WT: Yes. I’m trying to challenge people’s assumptions that every photograph is reality by presenting abstract forms that somehow look figurative. People inevitably use all sorts of words and allusions to describe them, saying they look like skin, hairs or wires or sunbursts, but they only bring those associations along because the images are on photographic paper. If they were on canvas, they wouldn’t say the same thing.
GB: But I think that kind of challenge to photography’s formalist character is a well-established concept. More relevant to the work at hand is whether the abstractions are a conscious subversion of the rest of the oeuvre’s totality. Because the uniqueness and aesthetic value of the other images as a totality is so inherently photographic. The abstractions feel like a deliriously utopian attempt to bring things back to that hypothetical zero-point, the state of surrendering photographic knowledge.
WT: But I always have a good excuse for them because they are purely photographic. They’re as true as my other photographs, because they do exactly what photographs are designed to do.
GB: Which is what? I’m challenging you to spell that out.
WT: They collect light and translate it into dyes. I expose and manipulate light on paper and I let it do exactly what it’s supposed to do. I’m not doctoring the process.

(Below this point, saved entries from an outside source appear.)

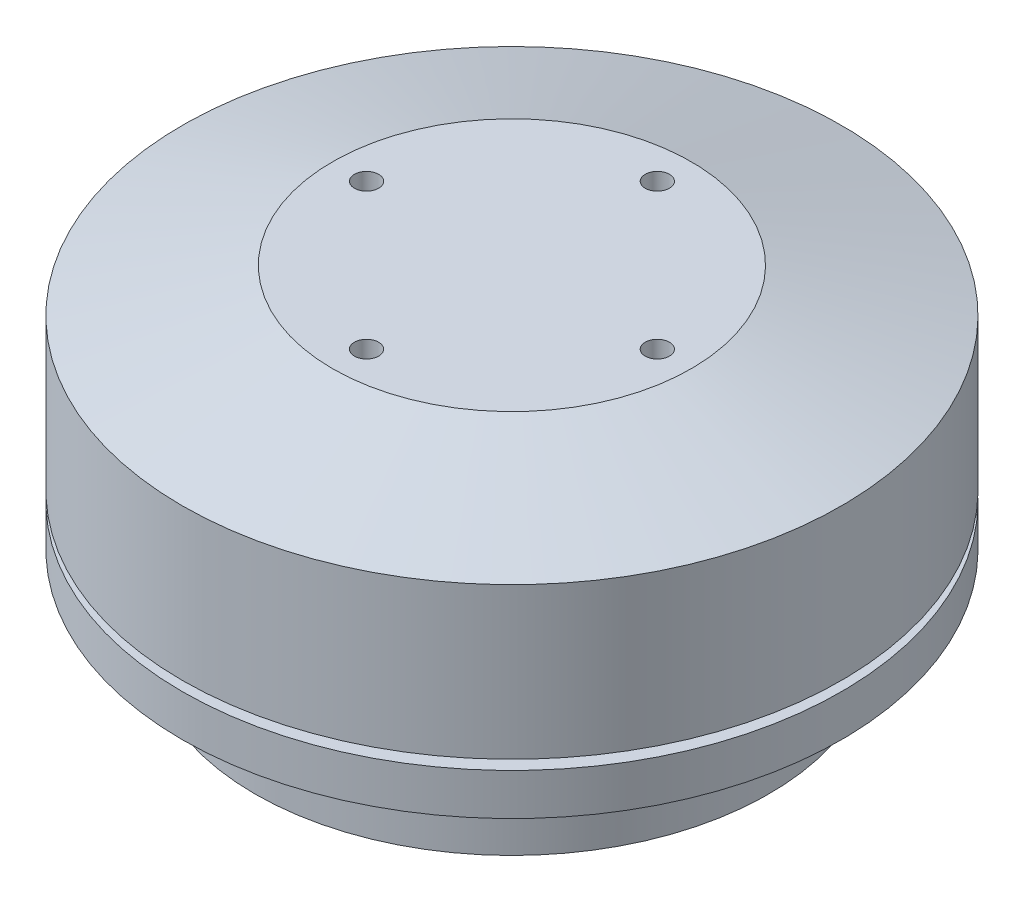
ISO-10303-21;
HEADER;
FILE_DESCRIPTION(('STEP AP214'),'2;1');
FILE_NAME('part.step','',(''),(''),'','','');
FILE_SCHEMA(('AUTOMOTIVE_DESIGN { 1 0 10303 214 1 1 1 1 }'));
ENDSEC;
DATA;
#1=APPLICATION_CONTEXT('core data for automotive mechanical design processes');
#2=APPLICATION_PROTOCOL_DEFINITION('international standard','automotive_design',2000,#1);
#3=PRODUCT_CONTEXT('',#1,'mechanical');
#4=PRODUCT('Part','Part','',(#3));
#5=PRODUCT_RELATED_PRODUCT_CATEGORY('part','',(#4));
#6=PRODUCT_DEFINITION_FORMATION('','',#4);
#7=PRODUCT_DEFINITION_CONTEXT('part definition',#1,'design');
#8=PRODUCT_DEFINITION('design','',#6,#7);
#9=PRODUCT_DEFINITION_SHAPE('','',#8);
#10=(LENGTH_UNIT() NAMED_UNIT(*) SI_UNIT(.MILLI.,.METRE.));
#11=(NAMED_UNIT(*) PLANE_ANGLE_UNIT() SI_UNIT($,.RADIAN.));
#12=(NAMED_UNIT(*) SI_UNIT($,.STERADIAN.) SOLID_ANGLE_UNIT());
#13=UNCERTAINTY_MEASURE_WITH_UNIT(LENGTH_MEASURE(1.E-05),#10,'distance_accuracy_value','');
#14=(GEOMETRIC_REPRESENTATION_CONTEXT(3) GLOBAL_UNCERTAINTY_ASSIGNED_CONTEXT((#13)) GLOBAL_UNIT_ASSIGNED_CONTEXT((#10,
#11,#12)) REPRESENTATION_CONTEXT('',''));
#15=CARTESIAN_POINT('',(0.,0.,0.));
#16=DIRECTION('',(0.,0.,1.));
#17=DIRECTION('',(1.,0.,0.));
#18=AXIS2_PLACEMENT_3D('',#15,#16,#17);
#19=CARTESIAN_POINT('',(-26.5,0.,0.));
#20=DIRECTION('',(0.,-1.,0.));
#21=DIRECTION('',(0.,0.,-1.));
#22=AXIS2_PLACEMENT_3D('',#19,#20,#21);
#23=PLANE('',#22);
#24=CARTESIAN_POINT('',(0.,0.,-15.));
#25=DIRECTION('',(0.,-1.,0.));
#26=DIRECTION('',(0.,0.,-1.));
#27=AXIS2_PLACEMENT_3D('',#24,#25,#26);
#28=CIRCLE('',#27,1.24999999999999);
#29=CARTESIAN_POINT('',(0.,0.,-16.25));
#30=VERTEX_POINT('',#29);
#31=EDGE_CURVE('E81',#30,#30,#28,.T.);
#32=ORIENTED_EDGE('',*,*,#31,.F.);
#33=EDGE_LOOP('',(#32));
#34=FACE_BOUND('',#33,.T.);
#35=CARTESIAN_POINT('',(0.,0.,15.));
#36=DIRECTION('',(0.,-1.,0.));
#37=DIRECTION('',(0.,0.,-1.));
#38=AXIS2_PLACEMENT_3D('',#35,#36,#37);
#39=CIRCLE('',#38,1.24999999999999);
#40=CARTESIAN_POINT('',(0.,0.,13.75));
#41=VERTEX_POINT('',#40);
#42=EDGE_CURVE('E80',#41,#41,#39,.T.);
#43=ORIENTED_EDGE('',*,*,#42,.F.);
#44=EDGE_LOOP('',(#43));
#45=FACE_BOUND('',#44,.T.);
#46=CARTESIAN_POINT('',(-15.,0.,0.));
#47=DIRECTION('',(0.,-1.,0.));
#48=DIRECTION('',(0.,0.,-1.));
#49=AXIS2_PLACEMENT_3D('',#46,#47,#48);
#50=CIRCLE('',#49,1.24999999999999);
#51=CARTESIAN_POINT('',(-15.,0.,-1.24999999999999));
#52=VERTEX_POINT('',#51);
#53=EDGE_CURVE('E91',#52,#52,#50,.T.);
#54=ORIENTED_EDGE('',*,*,#53,.F.);
#55=EDGE_LOOP('',(#54));
#56=FACE_BOUND('',#55,.T.);
#57=CARTESIAN_POINT('',(15.,0.,0.));
#58=DIRECTION('',(0.,-1.,0.));
#59=DIRECTION('',(0.,0.,-1.));
#60=AXIS2_PLACEMENT_3D('',#57,#58,#59);
#61=CIRCLE('',#60,1.24999999999999);
#62=CARTESIAN_POINT('',(15.,0.,-1.24999999999999));
#63=VERTEX_POINT('',#62);
#64=EDGE_CURVE('E97',#63,#63,#61,.T.);
#65=ORIENTED_EDGE('',*,*,#64,.F.);
#66=EDGE_LOOP('',(#65));
#67=FACE_BOUND('',#66,.T.);
#68=CARTESIAN_POINT('',(0.,0.,0.));
#69=DIRECTION('',(0.,1.,0.));
#70=DIRECTION('',(0.,0.,1.));
#71=AXIS2_PLACEMENT_3D('',#68,#69,#70);
#72=CIRCLE('',#71,26.5);
#73=CARTESIAN_POINT('',(0.,0.,26.5));
#74=VERTEX_POINT('',#73);
#75=EDGE_CURVE('E127',#74,#74,#72,.T.);
#76=ORIENTED_EDGE('',*,*,#75,.F.);
#77=EDGE_LOOP('',(#76));
#78=FACE_BOUND('',#77,.T.);
#79=ADVANCED_FACE('F38',(#34,#45,#56,#67,#78),#23,.T.);
#80=CARTESIAN_POINT('',(0.,34.,0.));
#81=DIRECTION('',(0.,1.,0.));
#82=DIRECTION('',(0.,0.,1.));
#83=AXIS2_PLACEMENT_3D('',#80,#81,#82);
#84=PLANE('',#83);
#85=CARTESIAN_POINT('',(0.,34.,-15.));
#86=DIRECTION('',(0.,1.,0.));
#87=DIRECTION('',(0.,0.,1.));
#88=AXIS2_PLACEMENT_3D('',#85,#86,#87);
#89=CIRCLE('',#88,1.24999999999999);
#90=CARTESIAN_POINT('',(0.,34.,-13.75));
#91=VERTEX_POINT('',#90);
#92=EDGE_CURVE('E103',#91,#91,#89,.T.);
#93=ORIENTED_EDGE('',*,*,#92,.F.);
#94=EDGE_LOOP('',(#93));
#95=FACE_BOUND('',#94,.T.);
#96=CARTESIAN_POINT('',(-15.,34.,0.));
#97=DIRECTION('',(0.,1.,0.));
#98=DIRECTION('',(0.,0.,1.));
#99=AXIS2_PLACEMENT_3D('',#96,#97,#98);
#100=CIRCLE('',#99,1.24999999999999);
#101=CARTESIAN_POINT('',(-15.,34.,1.24999999999999));
#102=VERTEX_POINT('',#101);
#103=EDGE_CURVE('E109',#102,#102,#100,.T.);
#104=ORIENTED_EDGE('',*,*,#103,.F.);
#105=EDGE_LOOP('',(#104));
#106=FACE_BOUND('',#105,.T.);
#107=CARTESIAN_POINT('',(15.,34.,0.));
#108=DIRECTION('',(0.,1.,0.));
#109=DIRECTION('',(0.,0.,1.));
#110=AXIS2_PLACEMENT_3D('',#107,#108,#109);
#111=CIRCLE('',#110,1.24999999999999);
#112=CARTESIAN_POINT('',(15.,34.,1.24999999999999));
#113=VERTEX_POINT('',#112);
#114=EDGE_CURVE('E115',#113,#113,#111,.T.);
#115=ORIENTED_EDGE('',*,*,#114,.F.);
#116=EDGE_LOOP('',(#115));
#117=FACE_BOUND('',#116,.T.);
#118=CARTESIAN_POINT('',(0.,34.,15.));
#119=DIRECTION('',(0.,1.,0.));
#120=DIRECTION('',(0.,0.,1.));
#121=AXIS2_PLACEMENT_3D('',#118,#119,#120);
#122=CIRCLE('',#121,1.24999999999999);
#123=CARTESIAN_POINT('',(0.,34.,16.25));
#124=VERTEX_POINT('',#123);
#125=EDGE_CURVE('E121',#124,#124,#122,.T.);
#126=ORIENTED_EDGE('',*,*,#125,.F.);
#127=EDGE_LOOP('',(#126));
#128=FACE_BOUND('',#127,.T.);
#129=CARTESIAN_POINT('',(0.,34.,0.));
#130=DIRECTION('',(0.,1.,0.));
#131=DIRECTION('',(0.,0.,1.));
#132=AXIS2_PLACEMENT_3D('',#129,#130,#131);
#133=CIRCLE('',#132,18.5);
#134=CARTESIAN_POINT('',(0.,34.,18.5));
#135=VERTEX_POINT('',#134);
#136=EDGE_CURVE('E11',#135,#135,#133,.T.);
#137=ORIENTED_EDGE('',*,*,#136,.T.);
#138=EDGE_LOOP('',(#137));
#139=FACE_BOUND('',#138,.T.);
#140=ADVANCED_FACE('F165',(#95,#106,#117,#128,#139),#84,.T.);
#141=CARTESIAN_POINT('',(0.,34.,0.));
#142=DIRECTION('',(0.,-1.,0.));
#143=DIRECTION('',(0.,0.,-1.));
#144=AXIS2_PLACEMENT_3D('',#141,#142,#143);
#145=CONICAL_SURFACE('',#144,18.5,1.28824137432531);
#146=CARTESIAN_POINT('',(0.,29.5,0.));
#147=DIRECTION('',(0.,1.,0.));
#148=DIRECTION('',(0.,0.,1.));
#149=AXIS2_PLACEMENT_3D('',#146,#147,#148);
#150=CIRCLE('',#149,34.);
#151=CARTESIAN_POINT('',(0.,29.5,34.));
#152=VERTEX_POINT('',#151);
#153=EDGE_CURVE('E45',#152,#152,#150,.T.);
#154=ORIENTED_EDGE('',*,*,#153,.T.);
#155=EDGE_LOOP('',(#154));
#156=FACE_BOUND('',#155,.T.);
#157=ORIENTED_EDGE('',*,*,#136,.F.);
#158=EDGE_LOOP('',(#157));
#159=FACE_BOUND('',#158,.T.);
#160=ADVANCED_FACE('F150',(#156,#159),#145,.T.);
#161=CARTESIAN_POINT('',(0.,0.,0.));
#162=DIRECTION('',(0.,1.,0.));
#163=DIRECTION('',(0.,0.,1.));
#164=AXIS2_PLACEMENT_3D('',#161,#162,#163);
#165=CYLINDRICAL_SURFACE('',#164,34.);
#166=CARTESIAN_POINT('',(0.,13.9,0.));
#167=DIRECTION('',(0.,1.,0.));
#168=DIRECTION('',(0.,0.,1.));
#169=AXIS2_PLACEMENT_3D('',#166,#167,#168);
#170=CIRCLE('',#169,34.);
#171=CARTESIAN_POINT('',(0.,13.9,34.));
#172=VERTEX_POINT('',#171);
#173=EDGE_CURVE('E145',#172,#172,#170,.T.);
#174=ORIENTED_EDGE('',*,*,#173,.T.);
#175=EDGE_LOOP('',(#174));
#176=FACE_BOUND('',#175,.T.);
#177=ORIENTED_EDGE('',*,*,#153,.F.);
#178=EDGE_LOOP('',(#177));
#179=FACE_BOUND('',#178,.T.);
#180=ADVANCED_FACE('F153',(#176,#179),#165,.T.);
#181=CARTESIAN_POINT('',(-34.,13.9,0.));
#182=DIRECTION('',(0.,-1.,0.));
#183=DIRECTION('',(0.,0.,-1.));
#184=AXIS2_PLACEMENT_3D('',#181,#182,#183);
#185=PLANE('',#184);
#186=CARTESIAN_POINT('',(0.,13.9,0.));
#187=DIRECTION('',(0.,1.,0.));
#188=DIRECTION('',(0.,0.,1.));
#189=AXIS2_PLACEMENT_3D('',#186,#187,#188);
#190=CIRCLE('',#189,32.5204744932251);
#191=CARTESIAN_POINT('',(0.,13.9,32.5204744932251));
#192=VERTEX_POINT('',#191);
#193=EDGE_CURVE('E142',#192,#192,#190,.T.);
#194=ORIENTED_EDGE('',*,*,#193,.T.);
#195=EDGE_LOOP('',(#194));
#196=FACE_BOUND('',#195,.T.);
#197=ORIENTED_EDGE('',*,*,#173,.F.);
#198=EDGE_LOOP('',(#197));
#199=FACE_BOUND('',#198,.T.);
#200=ADVANCED_FACE('F155',(#196,#199),#185,.T.);
#201=CARTESIAN_POINT('',(0.,0.,0.));
#202=DIRECTION('',(0.,1.,0.));
#203=DIRECTION('',(0.,0.,1.));
#204=AXIS2_PLACEMENT_3D('',#201,#202,#203);
#205=CYLINDRICAL_SURFACE('',#204,32.5204744932251);
#206=CARTESIAN_POINT('',(0.,12.9,0.));
#207=DIRECTION('',(0.,1.,0.));
#208=DIRECTION('',(0.,0.,1.));
#209=AXIS2_PLACEMENT_3D('',#206,#207,#208);
#210=CIRCLE('',#209,32.5204744932251);
#211=CARTESIAN_POINT('',(0.,12.9,32.5204744932251));
#212=VERTEX_POINT('',#211);
#213=EDGE_CURVE('E139',#212,#212,#210,.T.);
#214=ORIENTED_EDGE('',*,*,#213,.T.);
#215=EDGE_LOOP('',(#214));
#216=FACE_BOUND('',#215,.T.);
#217=ORIENTED_EDGE('',*,*,#193,.F.);
#218=EDGE_LOOP('',(#217));
#219=FACE_BOUND('',#218,.T.);
#220=ADVANCED_FACE('F162',(#216,#219),#205,.T.);
#221=CARTESIAN_POINT('',(-32.5204744932251,12.9,0.));
#222=DIRECTION('',(0.,1.,0.));
#223=DIRECTION('',(0.,0.,1.));
#224=AXIS2_PLACEMENT_3D('',#221,#222,#223);
#225=PLANE('',#224);
#226=CARTESIAN_POINT('',(0.,12.9,0.));
#227=DIRECTION('',(0.,1.,0.));
#228=DIRECTION('',(0.,0.,1.));
#229=AXIS2_PLACEMENT_3D('',#226,#227,#228);
#230=CIRCLE('',#229,34.);
#231=CARTESIAN_POINT('',(0.,12.9,34.));
#232=VERTEX_POINT('',#231);
#233=EDGE_CURVE('E136',#232,#232,#230,.T.);
#234=ORIENTED_EDGE('',*,*,#233,.T.);
#235=EDGE_LOOP('',(#234));
#236=FACE_BOUND('',#235,.T.);
#237=ORIENTED_EDGE('',*,*,#213,.F.);
#238=EDGE_LOOP('',(#237));
#239=FACE_BOUND('',#238,.T.);
#240=ADVANCED_FACE('F199',(#236,#239),#225,.T.);
#241=CARTESIAN_POINT('',(0.,0.,0.));
#242=DIRECTION('',(0.,1.,0.));
#243=DIRECTION('',(0.,0.,1.));
#244=AXIS2_PLACEMENT_3D('',#241,#242,#243);
#245=CYLINDRICAL_SURFACE('',#244,34.);
#246=CARTESIAN_POINT('',(0.,8.6,0.));
#247=DIRECTION('',(0.,1.,0.));
#248=DIRECTION('',(0.,0.,1.));
#249=AXIS2_PLACEMENT_3D('',#246,#247,#248);
#250=CIRCLE('',#249,34.);
#251=CARTESIAN_POINT('',(0.,8.6,34.));
#252=VERTEX_POINT('',#251);
#253=EDGE_CURVE('E133',#252,#252,#250,.T.);
#254=ORIENTED_EDGE('',*,*,#253,.T.);
#255=EDGE_LOOP('',(#254));
#256=FACE_BOUND('',#255,.T.);
#257=ORIENTED_EDGE('',*,*,#233,.F.);
#258=EDGE_LOOP('',(#257));
#259=FACE_BOUND('',#258,.T.);
#260=ADVANCED_FACE('F193',(#256,#259),#245,.T.);
#261=CARTESIAN_POINT('',(0.,8.6,0.));
#262=DIRECTION('',(0.,1.,0.));
#263=DIRECTION('',(0.,0.,1.));
#264=AXIS2_PLACEMENT_3D('',#261,#262,#263);
#265=CONICAL_SURFACE('',#264,34.,1.19028994968253);
#266=CARTESIAN_POINT('',(0.,5.6,0.));
#267=DIRECTION('',(0.,1.,0.));
#268=DIRECTION('',(0.,0.,1.));
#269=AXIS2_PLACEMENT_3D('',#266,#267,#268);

GB: But that’s ridiculous. It’s like saying the only point of language is to produce sounds. Both language and photography only have value in so far as they’re human systems, and that they produce human meanings. Kangaroos have no use for photographs, only we do. And just because I open my mouth and make noise doesn’t mean I’ve said anything. So here’s the trap we’re in: photographs are permanently bound to experience, to the recounting of events with a precision that’s exceptional but incapable of ever completely explaining those events to us. If your abstractions provide none of that explicit signification, however ambiguous, if in fact they are made as negations of meaning, are they really photographs? Perhaps simply by virtue of their process, but I don’t think at all by what you state as their human value as objects.
WT: But they are photographic in pleasure.
GB: What?!
WT: They’re great pleasures for me. They’re a fascinating phenomenon that I take great pleasure in.
GB: That can’t be all there is.
WT: But it is!
GB: All of this can’t be that insubstantial.
WT: But it’s part of that research into how meaning gets onto paper. Part of that’s hard work, but it’s also being open to the pleasure of being and playing. Without sounding too corny, I think play is very important, very serious. I’m exploring what happens when thinking and being become matter, because photographs don’t just come into existence on their own.
GB: I think I Don’t Want To Get Over You is the key example of that, because it shows within a single image the kind of cross-contamination we see in your work at large, with the abstracting light trails that break open the underlying straight representational image. It has a duality, the connection to experience mated to the desire and the attempt to break free of that condition. Then there’s also the transposition of the image formed automatically by a lens, by a machine, and the trails left by your own hand as the author.
WT: It has that inherent quality of being manmade.
GB: Not just manmade, but Wolfgang-made. It yearns for universality but is tied to your own everyday, like all the other images that are distinctly of their time, of their author.
WT: Because they can’t be achieved any other way. I’ve never been afraid of being of my time, and I often find it problematic when people try to avoid that in order to achieve timelessness. They cut themselves short in the process. All great art is strongly linked to its time. The paradox is how to achieve that universality while acknowledging specificity. It’s quite hard to handle, this open-endedness. The lack of clear answers, handling the contradictions, not thinking, and yet not giving up either. Not going the easier route of pretending that there are simple answers.